Table 1 Clinical and Demographic Characteristics of the DPN and Control Patients

The median number of comorbidities in DPN patients was significantly higher than in controls [5(4–7.5) vs 4 (2–5.75), p<0.001]. Hypertension was more prevalent in the DPN patients (p=0.005); so were peripheral vascular disease (p<0.001), cerebral vascular accident (p=0.027), chronic kidney disease (p<0.001) and dyslipidemia (p=0.002), than in control patients. Other comorbid diseases were similar in both groups. The DPN patients developed diabetic complications more than the control patients (Table 2).

Table 2 Associated Comorbidities and Diabetes Complications

Table 3 shows the results of the final multivariate logistic regression for factors associated with DPN. The independent factors associated with the likelihood of DPN were age (OR 1.02, 95% CI 1.01–1.05, p=0.031), peripheral vascular disease (OR 3.14, 95% CI 1.39–7.127, p=0.006) and chronic kidney disease (OR 2.39, 95% CI 1.23–4.64, p=0.010). However, the presence of hypertension, cerebral vascular disease and dyslipidemia were not significantly associated with DPN.

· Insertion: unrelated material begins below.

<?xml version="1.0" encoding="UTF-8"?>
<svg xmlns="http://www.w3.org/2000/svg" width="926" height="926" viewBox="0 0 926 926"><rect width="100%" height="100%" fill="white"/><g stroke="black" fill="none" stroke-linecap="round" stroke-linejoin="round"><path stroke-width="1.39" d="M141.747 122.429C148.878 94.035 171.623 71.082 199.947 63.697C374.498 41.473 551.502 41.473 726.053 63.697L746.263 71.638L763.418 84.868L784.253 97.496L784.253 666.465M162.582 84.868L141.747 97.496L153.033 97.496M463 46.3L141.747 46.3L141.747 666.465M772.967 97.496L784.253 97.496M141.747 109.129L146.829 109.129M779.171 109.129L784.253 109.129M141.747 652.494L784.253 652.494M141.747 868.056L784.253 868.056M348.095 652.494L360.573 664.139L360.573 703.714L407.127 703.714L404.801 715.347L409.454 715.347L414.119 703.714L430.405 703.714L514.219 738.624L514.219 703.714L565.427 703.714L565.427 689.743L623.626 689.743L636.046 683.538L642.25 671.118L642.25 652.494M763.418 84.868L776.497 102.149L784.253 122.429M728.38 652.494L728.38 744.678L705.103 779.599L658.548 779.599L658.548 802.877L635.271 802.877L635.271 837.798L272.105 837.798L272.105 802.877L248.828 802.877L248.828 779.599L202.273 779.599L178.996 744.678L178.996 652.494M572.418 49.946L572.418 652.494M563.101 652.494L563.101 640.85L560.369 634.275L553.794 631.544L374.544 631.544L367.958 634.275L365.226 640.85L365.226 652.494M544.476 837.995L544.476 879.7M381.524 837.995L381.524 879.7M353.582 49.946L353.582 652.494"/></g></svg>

Table 3 Univariate and Multivariate Conditional Logistic Regression for Risk Factors Associated with DPN

Discussion

DPN is a very distressing chronic complication of diabetes with an array of poor outcomes. For example, DPN leads to neuropathic pain and diminished sensation which in turn can lead to frequent falls and injuries, restriction of movement, poor quality of life and difficulties with earning a living. Other serious complications include: leg ulcers that can eventually end in leg amputation.15,20,21

DPN is classified into numerous types and subtypes based on a mixture of phenomenological, aetiological, pathological and neurophysiological parameters.1,2224 In a retrospective study, like the present one, it is difficult to assure the reliability of information on the details of these types or subtypes and be confident that such information has been documented in every patient. Accordingly, we restricted the definition of DPN, as mentioned earlier, to the presence of symptoms and/or signs of peripheral nerve dysfunction in patients with diabetes after the exclusion of other causes.1

Interest in DPN stems from the fact that it has recently been recognized as the most common of all the neuropathy complications worldwide.25 However, the reported prevalence of DPN varies widely from study to study and is heavily dependent on the type of diabetes, the population selected, and criteria used for defining cases, including the degree of control of the hyperglycemia.26 The most classical citation of DPN is a study conducted in France27 in which 4,400 adults with diabetes were followed for 36 years (1937–1973). Approximately 50% of these patients developed DPN at the end of the follow-up period. Pirart27 found that two thirds of patients with diabetes had objective evidence of some form of neuropathy. The most common was DPN; affecting 50% of type 2 diabetics. Outside Europe, particularly in Asia and Africa, a very wide range of prevalences were reported. For examples Saudi Arabia (19.9; n = 552);28 Turkey (60%; n = 550),29 China: (61.8%, n = 435);30 and Tanzania (72.2%, n = 327).31 On the other hand, recent studies from Europe and the US have reported prevalences ranging from 6% to 51% depending on the population studied.1 We noted that the frequency of DPN in our patients was considerably lower than expected. This maybe owing to the fact that, typically, DPN is often diagnosed clinically with little further laboratory investigations to confirm the diagnosis or poorly captured in patients’ records. In a study by Day et al,32 more than 40% of diabetic patients in general practice had no biochemical evaluation, eye or foot examination.32

The wide geographical variations in prevalence of DPN highlight the need for a global multicenter study in which the selection criteria for diabetic patients are unified to the finest detail. Hopefully, then, the true reflection of the geographical and ethnic differences in the prevalence of DPN can be meaningful and may shed some light in the mechanism underlying the differences in the prevalences in the DPN in different ethnic groups.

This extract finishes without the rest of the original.